WORK TASK: Return exactly the final stretch of the records below, opening with the line that contains "Sum2/1 -> Relational Operator2/2" and closing with the last line.

RECORDS TO PROCESS:
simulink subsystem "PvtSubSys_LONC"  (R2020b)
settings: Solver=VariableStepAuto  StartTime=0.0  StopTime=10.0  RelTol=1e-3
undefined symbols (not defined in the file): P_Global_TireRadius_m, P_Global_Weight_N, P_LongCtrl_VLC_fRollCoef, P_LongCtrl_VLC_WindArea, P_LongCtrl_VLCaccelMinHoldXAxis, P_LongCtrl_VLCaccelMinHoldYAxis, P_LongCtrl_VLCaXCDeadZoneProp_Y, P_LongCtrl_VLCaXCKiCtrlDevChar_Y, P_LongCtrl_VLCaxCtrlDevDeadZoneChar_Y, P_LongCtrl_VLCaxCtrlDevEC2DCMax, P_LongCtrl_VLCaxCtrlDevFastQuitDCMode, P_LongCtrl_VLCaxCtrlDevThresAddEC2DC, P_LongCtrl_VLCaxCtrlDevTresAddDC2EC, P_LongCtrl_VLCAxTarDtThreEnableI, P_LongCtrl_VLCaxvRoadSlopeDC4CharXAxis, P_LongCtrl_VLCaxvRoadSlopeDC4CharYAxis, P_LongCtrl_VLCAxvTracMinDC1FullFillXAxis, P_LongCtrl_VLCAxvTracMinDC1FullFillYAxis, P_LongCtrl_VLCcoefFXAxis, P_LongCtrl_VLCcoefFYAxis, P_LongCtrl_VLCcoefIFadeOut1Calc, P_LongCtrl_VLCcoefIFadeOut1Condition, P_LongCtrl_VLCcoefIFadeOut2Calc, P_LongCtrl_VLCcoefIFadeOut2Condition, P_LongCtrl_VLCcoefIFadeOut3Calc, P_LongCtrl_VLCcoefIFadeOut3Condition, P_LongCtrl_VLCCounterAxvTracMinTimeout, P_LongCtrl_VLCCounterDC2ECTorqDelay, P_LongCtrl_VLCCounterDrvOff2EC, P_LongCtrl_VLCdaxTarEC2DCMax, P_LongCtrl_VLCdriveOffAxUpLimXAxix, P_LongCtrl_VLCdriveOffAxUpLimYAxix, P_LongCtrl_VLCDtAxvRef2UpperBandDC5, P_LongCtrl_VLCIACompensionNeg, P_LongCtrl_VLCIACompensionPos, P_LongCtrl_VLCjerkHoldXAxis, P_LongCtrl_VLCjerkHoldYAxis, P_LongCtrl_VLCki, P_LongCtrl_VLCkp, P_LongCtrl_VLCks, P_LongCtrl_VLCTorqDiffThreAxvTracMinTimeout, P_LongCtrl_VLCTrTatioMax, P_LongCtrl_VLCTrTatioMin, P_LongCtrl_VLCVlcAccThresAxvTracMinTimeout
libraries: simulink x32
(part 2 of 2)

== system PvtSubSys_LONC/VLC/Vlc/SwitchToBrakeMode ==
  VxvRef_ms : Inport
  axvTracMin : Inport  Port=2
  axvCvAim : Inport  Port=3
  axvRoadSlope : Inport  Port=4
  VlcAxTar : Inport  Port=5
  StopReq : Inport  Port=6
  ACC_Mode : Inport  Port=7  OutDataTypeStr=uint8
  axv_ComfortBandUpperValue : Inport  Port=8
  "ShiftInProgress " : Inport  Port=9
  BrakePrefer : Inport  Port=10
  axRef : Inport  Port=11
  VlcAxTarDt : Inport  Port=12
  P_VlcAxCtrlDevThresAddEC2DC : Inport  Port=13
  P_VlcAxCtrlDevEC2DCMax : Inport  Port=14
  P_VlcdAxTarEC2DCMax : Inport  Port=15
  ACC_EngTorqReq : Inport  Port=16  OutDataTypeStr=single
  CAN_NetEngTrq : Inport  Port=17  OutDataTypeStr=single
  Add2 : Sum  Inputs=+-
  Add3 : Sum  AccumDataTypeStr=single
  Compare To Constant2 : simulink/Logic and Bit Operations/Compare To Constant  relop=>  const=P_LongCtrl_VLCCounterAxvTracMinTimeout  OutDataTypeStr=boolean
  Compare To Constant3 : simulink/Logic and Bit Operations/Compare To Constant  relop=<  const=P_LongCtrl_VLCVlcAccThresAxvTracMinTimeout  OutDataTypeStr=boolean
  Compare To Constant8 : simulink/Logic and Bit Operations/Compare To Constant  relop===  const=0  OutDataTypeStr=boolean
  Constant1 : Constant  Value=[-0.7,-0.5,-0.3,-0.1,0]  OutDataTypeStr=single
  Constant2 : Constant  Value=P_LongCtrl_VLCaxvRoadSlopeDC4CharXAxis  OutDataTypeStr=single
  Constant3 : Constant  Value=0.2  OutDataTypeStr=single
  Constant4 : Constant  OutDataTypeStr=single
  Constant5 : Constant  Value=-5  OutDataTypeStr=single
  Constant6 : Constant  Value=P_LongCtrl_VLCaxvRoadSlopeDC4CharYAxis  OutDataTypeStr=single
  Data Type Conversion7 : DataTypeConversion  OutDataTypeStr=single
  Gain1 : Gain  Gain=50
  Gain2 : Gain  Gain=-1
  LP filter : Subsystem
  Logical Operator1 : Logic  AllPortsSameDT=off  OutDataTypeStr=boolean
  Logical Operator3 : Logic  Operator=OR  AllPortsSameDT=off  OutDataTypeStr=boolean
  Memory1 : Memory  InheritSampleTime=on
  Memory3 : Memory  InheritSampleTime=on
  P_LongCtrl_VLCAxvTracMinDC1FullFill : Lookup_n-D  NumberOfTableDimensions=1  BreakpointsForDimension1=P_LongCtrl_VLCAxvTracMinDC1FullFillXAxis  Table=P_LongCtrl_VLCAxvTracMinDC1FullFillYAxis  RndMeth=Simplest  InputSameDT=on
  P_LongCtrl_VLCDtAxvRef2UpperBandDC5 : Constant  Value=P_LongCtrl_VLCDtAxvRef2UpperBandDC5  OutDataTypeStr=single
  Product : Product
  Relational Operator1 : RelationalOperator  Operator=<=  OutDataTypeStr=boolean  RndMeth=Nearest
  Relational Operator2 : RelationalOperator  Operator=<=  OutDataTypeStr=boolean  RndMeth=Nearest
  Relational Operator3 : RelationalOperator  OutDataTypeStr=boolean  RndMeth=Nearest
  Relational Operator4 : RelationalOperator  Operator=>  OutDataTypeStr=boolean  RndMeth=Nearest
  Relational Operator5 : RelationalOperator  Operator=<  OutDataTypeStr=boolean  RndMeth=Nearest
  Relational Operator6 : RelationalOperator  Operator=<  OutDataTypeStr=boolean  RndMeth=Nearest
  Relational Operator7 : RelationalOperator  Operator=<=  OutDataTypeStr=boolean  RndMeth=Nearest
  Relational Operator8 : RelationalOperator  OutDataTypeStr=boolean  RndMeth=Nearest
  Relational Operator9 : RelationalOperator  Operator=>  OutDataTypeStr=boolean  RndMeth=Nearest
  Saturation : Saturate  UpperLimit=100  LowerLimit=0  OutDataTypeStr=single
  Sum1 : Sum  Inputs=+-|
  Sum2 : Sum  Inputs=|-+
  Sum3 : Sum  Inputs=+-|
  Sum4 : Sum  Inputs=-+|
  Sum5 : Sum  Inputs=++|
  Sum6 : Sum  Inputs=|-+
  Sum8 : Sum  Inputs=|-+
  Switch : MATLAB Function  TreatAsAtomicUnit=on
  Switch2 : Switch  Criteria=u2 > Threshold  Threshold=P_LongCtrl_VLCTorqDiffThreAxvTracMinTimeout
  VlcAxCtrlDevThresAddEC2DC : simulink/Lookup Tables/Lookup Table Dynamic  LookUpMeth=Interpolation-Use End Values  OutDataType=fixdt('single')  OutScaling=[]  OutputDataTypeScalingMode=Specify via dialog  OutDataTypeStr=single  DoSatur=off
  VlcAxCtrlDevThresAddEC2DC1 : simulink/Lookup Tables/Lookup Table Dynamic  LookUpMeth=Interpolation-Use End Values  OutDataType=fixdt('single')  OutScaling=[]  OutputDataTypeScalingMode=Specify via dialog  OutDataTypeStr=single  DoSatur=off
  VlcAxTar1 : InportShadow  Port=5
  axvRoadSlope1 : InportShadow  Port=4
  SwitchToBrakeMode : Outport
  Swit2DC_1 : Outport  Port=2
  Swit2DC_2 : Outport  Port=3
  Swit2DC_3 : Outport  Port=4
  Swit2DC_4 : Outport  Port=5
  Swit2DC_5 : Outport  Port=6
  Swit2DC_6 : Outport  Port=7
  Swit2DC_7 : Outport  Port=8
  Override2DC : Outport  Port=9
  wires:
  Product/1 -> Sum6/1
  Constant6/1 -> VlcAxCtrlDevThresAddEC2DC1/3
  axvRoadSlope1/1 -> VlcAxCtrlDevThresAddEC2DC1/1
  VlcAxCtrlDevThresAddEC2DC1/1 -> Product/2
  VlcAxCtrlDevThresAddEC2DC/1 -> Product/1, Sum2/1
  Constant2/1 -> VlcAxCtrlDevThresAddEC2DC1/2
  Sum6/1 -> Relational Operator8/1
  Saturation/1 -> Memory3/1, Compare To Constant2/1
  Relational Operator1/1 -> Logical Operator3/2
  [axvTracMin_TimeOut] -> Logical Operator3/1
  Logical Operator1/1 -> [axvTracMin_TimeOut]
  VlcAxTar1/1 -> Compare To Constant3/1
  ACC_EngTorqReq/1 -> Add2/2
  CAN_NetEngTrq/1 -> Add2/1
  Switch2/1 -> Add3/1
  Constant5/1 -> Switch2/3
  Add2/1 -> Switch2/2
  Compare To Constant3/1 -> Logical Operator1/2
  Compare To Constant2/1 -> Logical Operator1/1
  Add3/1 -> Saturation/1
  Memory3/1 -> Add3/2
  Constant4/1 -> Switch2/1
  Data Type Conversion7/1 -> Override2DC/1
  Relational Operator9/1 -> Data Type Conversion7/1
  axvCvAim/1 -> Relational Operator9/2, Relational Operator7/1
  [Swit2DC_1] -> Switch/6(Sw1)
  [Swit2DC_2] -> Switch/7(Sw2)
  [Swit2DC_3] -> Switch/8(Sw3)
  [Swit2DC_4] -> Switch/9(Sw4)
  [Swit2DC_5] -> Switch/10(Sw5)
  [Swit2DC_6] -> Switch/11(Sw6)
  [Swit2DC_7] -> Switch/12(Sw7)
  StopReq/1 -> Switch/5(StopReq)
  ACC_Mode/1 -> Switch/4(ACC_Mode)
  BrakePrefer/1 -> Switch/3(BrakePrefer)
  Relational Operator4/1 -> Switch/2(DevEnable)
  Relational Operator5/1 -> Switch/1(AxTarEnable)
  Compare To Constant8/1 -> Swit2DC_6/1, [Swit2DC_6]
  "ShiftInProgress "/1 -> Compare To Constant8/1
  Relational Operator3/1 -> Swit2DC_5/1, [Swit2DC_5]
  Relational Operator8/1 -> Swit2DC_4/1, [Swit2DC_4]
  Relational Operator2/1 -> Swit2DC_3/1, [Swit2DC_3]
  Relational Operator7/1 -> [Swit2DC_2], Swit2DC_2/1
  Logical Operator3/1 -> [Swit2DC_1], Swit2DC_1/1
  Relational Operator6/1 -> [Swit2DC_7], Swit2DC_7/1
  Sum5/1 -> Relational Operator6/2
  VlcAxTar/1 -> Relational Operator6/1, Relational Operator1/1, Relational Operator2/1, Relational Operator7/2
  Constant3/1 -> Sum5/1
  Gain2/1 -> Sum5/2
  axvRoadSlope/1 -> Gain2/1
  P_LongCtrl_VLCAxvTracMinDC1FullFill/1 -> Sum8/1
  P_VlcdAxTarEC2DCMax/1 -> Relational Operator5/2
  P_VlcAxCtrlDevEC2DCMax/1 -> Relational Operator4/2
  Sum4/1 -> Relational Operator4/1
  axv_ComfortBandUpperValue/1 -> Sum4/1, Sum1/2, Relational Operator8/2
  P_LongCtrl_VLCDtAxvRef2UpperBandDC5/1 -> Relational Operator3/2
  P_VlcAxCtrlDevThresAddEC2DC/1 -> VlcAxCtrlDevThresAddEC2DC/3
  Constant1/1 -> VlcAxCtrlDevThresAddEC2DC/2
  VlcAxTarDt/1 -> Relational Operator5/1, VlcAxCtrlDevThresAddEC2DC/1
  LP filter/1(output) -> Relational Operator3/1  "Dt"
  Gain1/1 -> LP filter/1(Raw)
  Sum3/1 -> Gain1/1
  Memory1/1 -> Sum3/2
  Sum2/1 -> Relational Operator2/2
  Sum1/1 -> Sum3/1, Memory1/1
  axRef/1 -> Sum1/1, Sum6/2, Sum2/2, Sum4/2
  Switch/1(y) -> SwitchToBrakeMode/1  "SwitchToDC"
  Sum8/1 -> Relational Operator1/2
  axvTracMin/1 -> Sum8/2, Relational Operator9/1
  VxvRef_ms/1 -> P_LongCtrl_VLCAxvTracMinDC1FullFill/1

WRITTEN ANSWER:
  Sum2/1 -> Relational Operator2/2
  Sum1/1 -> Sum3/1, Memory1/1
  axRef/1 -> Sum1/1, Sum6/2, Sum2/2, Sum4/2
  Switch/1(y) -> SwitchToBrakeMode/1  "SwitchToDC"
  Sum8/1 -> Relational Operator1/2
  axvTracMin/1 -> Sum8/2, Relational Operator9/1
  VxvRef_ms/1 -> P_LongCtrl_VLCAxvTracMinDC1FullFill/1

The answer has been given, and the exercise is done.